### Exercise description
From the first line of the material below through the line containing "line L7 (21.65, 0.8) -> (21.65, 4)", print every line exactly as it stands, but no pictures.

### Extracted data
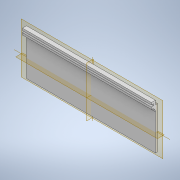
# Autodesk Inventor part: Hanging_Wall
Saved by Autodesk Inventor 2022.4 (Build 264492010, 492A)
## iProperties
Created: 2025-02-20
Part Number: Hanging_Wall
Material: Generic
Document SubType Name: Modeling
Designer: jan-m
Density: 1 g/cm^3
Appearance: Default
Author: jan-m
Autodesk Inventor part; units mm, degrees
sketch "Sketch2" plane through (0, 0, 0) normal (1, 0, 0) x (0, 1, 0)
  line L0 (13.85, 0.8) -> (-13.85, 0.8)
  line L1 (-13.85, 0.8) -> (-13.85, -0.8)
  line L2 (-13.85, -0.8) -> (18.65, -0.8)
  line L3 (18.65, -0.8) -> (18.65, 0.8)
  line L4 (0, 4.96) -> (0, -1.76) projected
  line L5 (-20.95, 0) -> (28.75, 0) projected
  line L6 (18.65, 0.8) -> (21.65, 0.8)
  line L7 (21.65, 0.8) -> (21.65, 4)
  line L8 (21.65, 4) -> (20.05, 4)
  line L9 (20.05, 4) -> (20.05, 2.4)
  line L10 (20.05, 2.4) -> (18.65, 2.4)
  line L11 (18.65, 2.4) -> (18.65, 4)
  line L12 (18.65, 4) -> (17.05, 4)
  line L13 (17.05, 4) -> (17.05, 4)
  arc A0 (13.85, 0.8) -> (17.05, 4) centre (13.85, 4) ccw
  point P0 (0, 0)
  point P1 (0, 0.8)
  point P2 (18.65, 0)
  dimension "d0" = 32.5
  dimension "d1" = 1.6
  dimension "d2" = 3
  dimension "d3" = 3.2
  dimension "d4" = 1.6
  dimension "d6" = 1.6
  dimension "d7" = 1.6
  dimension "d8" = 1.4
  dimension "d12" = 1.6
  dimension "d13" = 3.2
  constraints: 24 end point, 7 perpendicular, 3 horizontal, 3 point on line, 2 midpoint, 2 parallel, 2 point on circle, 1 centre point
  measures "d0" distance of L2.end L1.end
  measures "d1" distance of L2.end L3.end
  measures "d2" distance of L3.end L6.end
  measures "d3" distance of L6.end L7.end
  measures "d4" distance of L7.end L8.end
  measures "d6" distance of L11.end L12.end
  measures "d7" distance of L10.end L11.end
  measures "d8" distance between parallel lines of L9 L11
  measures "d12" distance between parallel lines of L6 L10
  measures "d13" radius of A0
extrude "Extrusion1" add sketch "Sketch2" along normal mid plane 100
equation "\"d13\" = d3"
body "Solid1"

### Task answer
# Autodesk Inventor part: Hanging_Wall
Saved by Autodesk Inventor 2022.4 (Build 264492010, 492A)
## iProperties
Created: 2025-02-20
Part Number: Hanging_Wall
Material: Generic
Document SubType Name: Modeling
Designer: jan-m
Density: 1 g/cm^3
Appearance: Default
Author: jan-m
Autodesk Inventor part; units mm, degrees
sketch "Sketch2" plane through (0, 0, 0) normal (1, 0, 0) x (0, 1, 0)
  line L0 (13.85, 0.8) -> (-13.85, 0.8)
  line L1 (-13.85, 0.8) -> (-13.85, -0.8)
  line L2 (-13.85, -0.8) -> (18.65, -0.8)
  line L3 (18.65, -0.8) -> (18.65, 0.8)
  line L4 (0, 4.96) -> (0, -1.76) projected
  line L5 (-20.95, 0) -> (28.75, 0) projected
  line L6 (18.65, 0.8) -> (21.65, 0.8)
  line L7 (21.65, 0.8) -> (21.65, 4)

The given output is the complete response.